Content starts
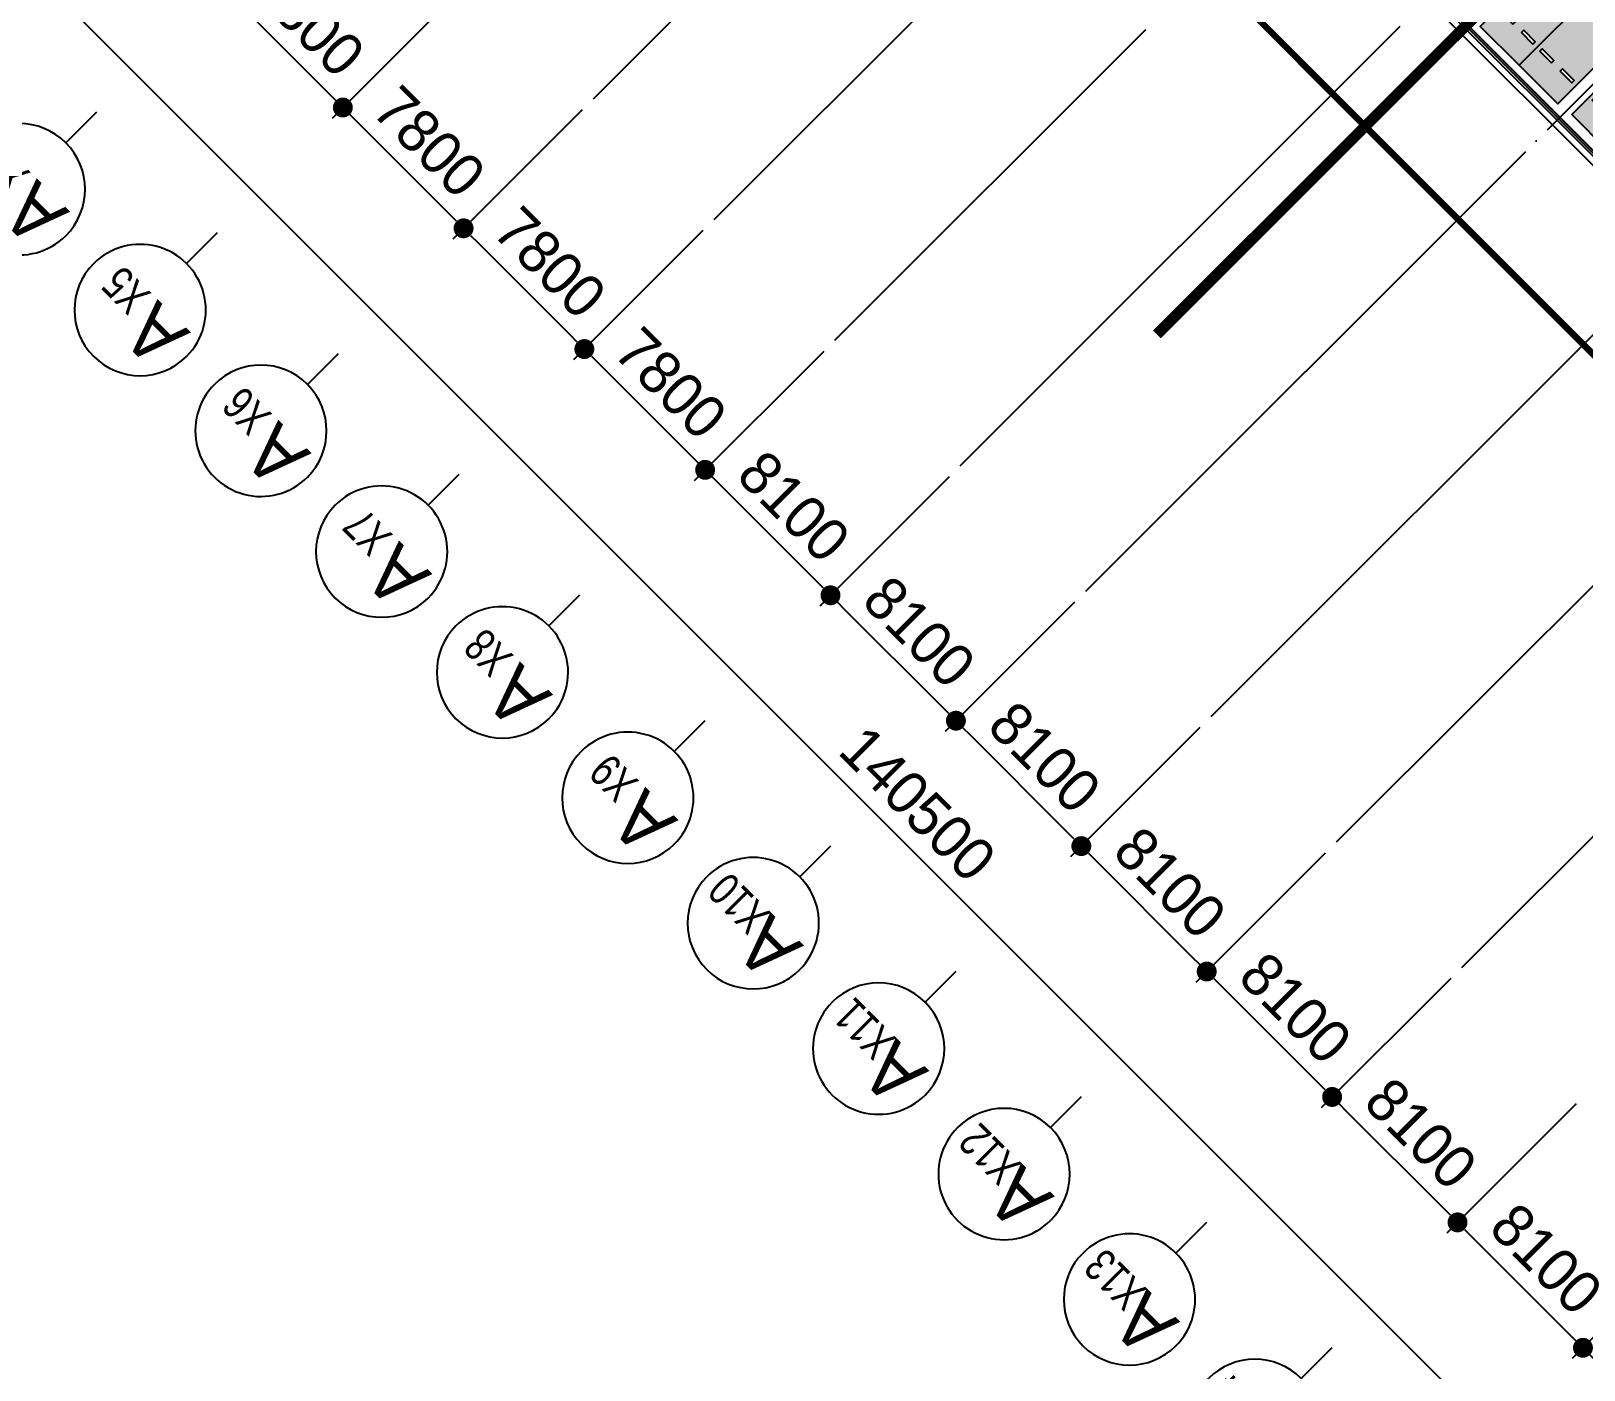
# Model space of a CAD drawing. Header units: millimetres. Extents: x -21000 to 567700, y 435000 to 850800.
# Drawn here: x 145627 to 216533, y 527319 to 588478 of the extents above; entities that cross this region are included whole.
import ezdxf
from ezdxf.enums import TextEntityAlignment as Align
from ezdxf.xclip import XClip

# ---------------------------------------------------------------- set-up
doc = ezdxf.new("R2010")
doc.units = ezdxf.units.MM
doc.header["$LTSCALE"] = 700
doc.header["$XCLIPFRAME"] = 2
for name, pattern in [('AB_Pbase$0$PHANTOMX2', [5, 2.5, -0.5, 0.5, -0.5, 0.5, -0.5]), ('AB_Pbase$0$주차장기둥$0$CEN', [62, 60, -1, 0, -1]), ('AB_Pbase$0$주차장기둥$0$PHANTOMX2', [5, 2.5, -0.5, 0.5, -0.5, 0.5, -0.5]), ('AB_Pbase$0$지하1층 동골조$0$PHANTOMX2', [5, 2.5, -0.5, 0.5, -0.5, 0.5, -0.5]), ('p_구조전체평면도중심선$0$AB_Pbase$0$HIDDEN', [9.525, 6.35, -3.175])]:
    doc.linetypes.add(name, pattern=pattern)
doc.layers.get('0').update_dxf_attribs({"color": 2})
doc.layers.get('Defpoints').update_dxf_attribs({"color": 171})
for name, color, linetype in [('AB_Pbase$0$FIN', 6, 'Continuous'), ('AB_Pbase$0$SITE', 3, 'AB_Pbase$0$PHANTOMX2'), ('AB_Pbase$0$WAL', 3, 'Continuous'), ('AB_Pbase$0$주차-sol', 254, 'Continuous'), ('AB_Pbase$0$주차-일반', 9, 'Continuous'), ('AB_Pbase$0$주차-확장', 7, 'Continuous'), ('AB_Pbase$0$주차장기둥$0$CEN_P', 244, 'AB_Pbase$0$주차장기둥$0$CEN'), ('p_구조전체평면도중심선$0$# 공구분할', 3, 'Continuous'), ('p_구조전체평면도중심선$0$AXIS', 7, 'Continuous'), ('p_구조전체평면도중심선$0$DIM', 7, 'Continuous'), ('p_구조전체평면도중심선$0$SDIM', 4, 'Continuous')]:
    doc.layers.add(name, color=color, linetype=linetype)
doc.layers.add('AB_Pbase$0$주차장기둥$0$Defpoints1', color=235, linetype='Continuous', plot=False)
doc.layers.add('AB_Pbase$0$지하1층 동골조$0$Defpoints1', color=235, linetype='Continuous', plot=False)
doc.styles.add('p_구조전체평면도중심선$0$도면기준$0$울릉도L', font='')
doc.styles.add('p_구조전체평면도중심선$0$돋움', font='')
doc.styles.add('p_구조전체평면도중심선$0$돋음', font='')
doc.styles.get('p_구조전체평면도중심선$0$도면기준$0$울릉도L').set_extended_font_data('Dotum')
doc.styles.get('p_구조전체평면도중심선$0$돋움').set_extended_font_data('Dotum')
doc.styles.get('p_구조전체평면도중심선$0$돋음').set_extended_font_data('Dotum')
doc.dimstyles.new('p_구조전체평면도중심선$0$ADIM', dxfattribs={"dimscale": 700, "dimtxt": 3, "dimasz": 1.5, "dimexe": 1, "dimexo": 1, "dimgap": 1, "dimtad": 1, "dimdec": 0, "dimdsep": 46, "dimtxsty": 'p_구조전체평면도중심선$0$돋움', "dimblk1": 'p_구조전체평면도중심선$0$DOT', "dimblk2": 'p_구조전체평면도중심선$0$DOT', "dimsah": 1, "dimcen": 1, "dimdle": 1.5, "dimclrd": 7, "dimclre": 7, "dimclrt": 3, "dimadec": 0, "dimazin": 0, "dimtfac": 1, "dimtdec": 0, "dimtix": 1, "dimtmove": 2, "dimatfit": 3, "dimldrblk": 'p_구조전체평면도중심선$0$_Dot', "dimfxl": 1, "dimtvp": 1, "dimtolj": 1, "dimtzin": 0, "dimarcsym": 0})

# ---------------------------------------------------------------- blocks, each defined once
blk = doc.blocks.new('AB_Pbase$0$SITE0917')
at = {"layer": 'AB_Pbase$0$SITE', "ltscale": 4, "const_width": 300, "flags": 128}
blk.add_lwpolyline([(212876, -144968), (209906, -142008), (204836, -136928), (200146, -132238), (190406, -122488), (180636, -112708), (171034, -103096), (171034, -103096), (158736, -90778), (158736, -90778), (141626, -73668), (139746, -71778), (128760, -60783), (176825, 584), (181318, 2778), (191836, 2802), (195846, 2812), (208846, 2852), (221744, 2892), (225745, 2912), (238652, 2912), (251951, 2992), (272863, 3047), (279849, 3072), (281852, 3072), (297942, 3132), (307301, 3162), (318838, 3162), (322371, 3192), (329338, 3212), (331331, 3221), (331828, 3221), (342783, 3252), (353879, 3292), (357878, 3302), (368882, 3332), (377971, 3362), (436463, 3532), (443896, 3564), (449423, 3588), (453866, 1294), (461852, -10041), (461004, -14962), (456210, -18339), (446980, -24860), (436111, -32530), (433802, -34158), (424035, -41046), (408709, -51856), (403261, -55702), (401224, -57140), (393879, -62330), (377930, -73579), (370949, -78503), (368971, -79898), (360221, -86073), (350807, -92731), (341600, -99229), (316998, -116581), (268640, -150722), (261994, -155385), (240653, -170436), (213593, -144250), (212876, -144968)], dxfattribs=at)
Content ends
EXERCISE AIM: Once more, give the listing above exactly, leaving each picture out.

EXPECTED ANSWER:
# Model space of a CAD drawing. Header units: millimetres. Extents: x -21000 to 567700, y 435000 to 850800.
# Drawn here: x 145627 to 216533, y 527319 to 588478 of the extents above; entities that cross this region are included whole.
import ezdxf
from ezdxf.enums import TextEntityAlignment as Align
from ezdxf.xclip import XClip

# ---------------------------------------------------------------- set-up
doc = ezdxf.new("R2010")
doc.units = ezdxf.units.MM
doc.header["$LTSCALE"] = 700
doc.header["$XCLIPFRAME"] = 2
for name, pattern in [('AB_Pbase$0$PHANTOMX2', [5, 2.5, -0.5, 0.5, -0.5, 0.5, -0.5]), ('AB_Pbase$0$주차장기둥$0$CEN', [62, 60, -1, 0, -1]), ('AB_Pbase$0$주차장기둥$0$PHANTOMX2', [5, 2.5, -0.5, 0.5, -0.5, 0.5, -0.5]), ('AB_Pbase$0$지하1층 동골조$0$PHANTOMX2', [5, 2.5, -0.5, 0.5, -0.5, 0.5, -0.5]), ('p_구조전체평면도중심선$0$AB_Pbase$0$HIDDEN', [9.525, 6.35, -3.175])]:
    doc.linetypes.add(name, pattern=pattern)
doc.layers.get('0').update_dxf_attribs({"color": 2})
doc.layers.get('Defpoints').update_dxf_attribs({"color": 171})
for name, color, linetype in [('AB_Pbase$0$FIN', 6, 'Continuous'), ('AB_Pbase$0$SITE', 3, 'AB_Pbase$0$PHANTOMX2'), ('AB_Pbase$0$WAL', 3, 'Continuous'), ('AB_Pbase$0$주차-sol', 254, 'Continuous'), ('AB_Pbase$0$주차-일반', 9, 'Continuous'), ('AB_Pbase$0$주차-확장', 7, 'Continuous'), ('AB_Pbase$0$주차장기둥$0$CEN_P', 244, 'AB_Pbase$0$주차장기둥$0$CEN'), ('p_구조전체평면도중심선$0$# 공구분할', 3, 'Continuous'), ('p_구조전체평면도중심선$0$AXIS', 7, 'Continuous'), ('p_구조전체평면도중심선$0$DIM', 7, 'Continuous'), ('p_구조전체평면도중심선$0$SDIM', 4, 'Continuous')]:
    doc.layers.add(name, color=color, linetype=linetype)
doc.layers.add('AB_Pbase$0$주차장기둥$0$Defpoints1', color=235, linetype='Continuous', plot=False)
doc.layers.add('AB_Pbase$0$지하1층 동골조$0$Defpoints1', color=235, linetype='Continuous', plot=False)
doc.styles.add('p_구조전체평면도중심선$0$도면기준$0$울릉도L', font='')
doc.styles.add('p_구조전체평면도중심선$0$돋움', font='')
doc.styles.add('p_구조전체평면도중심선$0$돋음', font='')
doc.styles.get('p_구조전체평면도중심선$0$도면기준$0$울릉도L').set_extended_font_data('Dotum')
doc.styles.get('p_구조전체평면도중심선$0$돋움').set_extended_font_data('Dotum')
doc.styles.get('p_구조전체평면도중심선$0$돋음').set_extended_font_data('Dotum')
doc.dimstyles.new('p_구조전체평면도중심선$0$ADIM', dxfattribs={"dimscale": 700, "dimtxt": 3, "dimasz": 1.5, "dimexe": 1, "dimexo": 1, "dimgap": 1, "dimtad": 1, "dimdec": 0, "dimdsep": 46, "dimtxsty": 'p_구조전체평면도중심선$0$돋움', "dimblk1": 'p_구조전체평면도중심선$0$DOT', "dimblk2": 'p_구조전체평면도중심선$0$DOT', "dimsah": 1, "dimcen": 1, "dimdle": 1.5, "dimclrd": 7, "dimclre": 7, "dimclrt": 3, "dimadec": 0, "dimazin": 0, "dimtfac": 1, "dimtdec": 0, "dimtix": 1, "dimtmove": 2, "dimatfit": 3, "dimldrblk": 'p_구조전체평면도중심선$0$_Dot', "dimfxl": 1, "dimtvp": 1, "dimtolj": 1, "dimtzin": 0, "dimarcsym": 0})

# ---------------------------------------------------------------- blocks, each defined once
blk = doc.blocks.new('AB_Pbase$0$SITE0917')
at = {"layer": 'AB_Pbase$0$SITE', "ltscale": 4, "const_width": 300, "flags": 128}
blk.add_lwpolyline([(212876, -144968), (209906, -142008), (204836, -136928), (200146, -132238), (190406, -122488), (180636, -112708), (171034, -103096), (171034, -103096), (158736, -90778), (158736, -90778), (141626, -73668), (139746, -71778), (128760, -60783), (176825, 584), (181318, 2778), (191836, 2802), (195846, 2812), (208846, 2852), (221744, 2892), (225745, 2912), (238652, 2912), (251951, 2992), (272863, 3047), (279849, 3072), (281852, 3072), (297942, 3132), (307301, 3162), (318838, 3162), (322371, 3192), (329338, 3212), (331331, 3221), (331828, 3221), (342783, 3252), (353879, 3292), (357878, 3302), (368882, 3332), (377971, 3362), (436463, 3532), (443896, 3564), (449423, 3588), (453866, 1294), (461852, -10041), (461004, -14962), (456210, -18339), (446980, -24860), (436111, -32530), (433802, -34158), (424035, -41046), (408709, -51856), (403261, -55702), (401224, -57140), (393879, -62330), (377930, -73579), (370949, -78503), (368971, -79898), (360221, -86073), (350807, -92731), (341600, -99229), (316998, -116581), (268640, -150722), (261994, -155385), (240653, -170436), (213593, -144250), (212876, -144968)], dxfattribs=at)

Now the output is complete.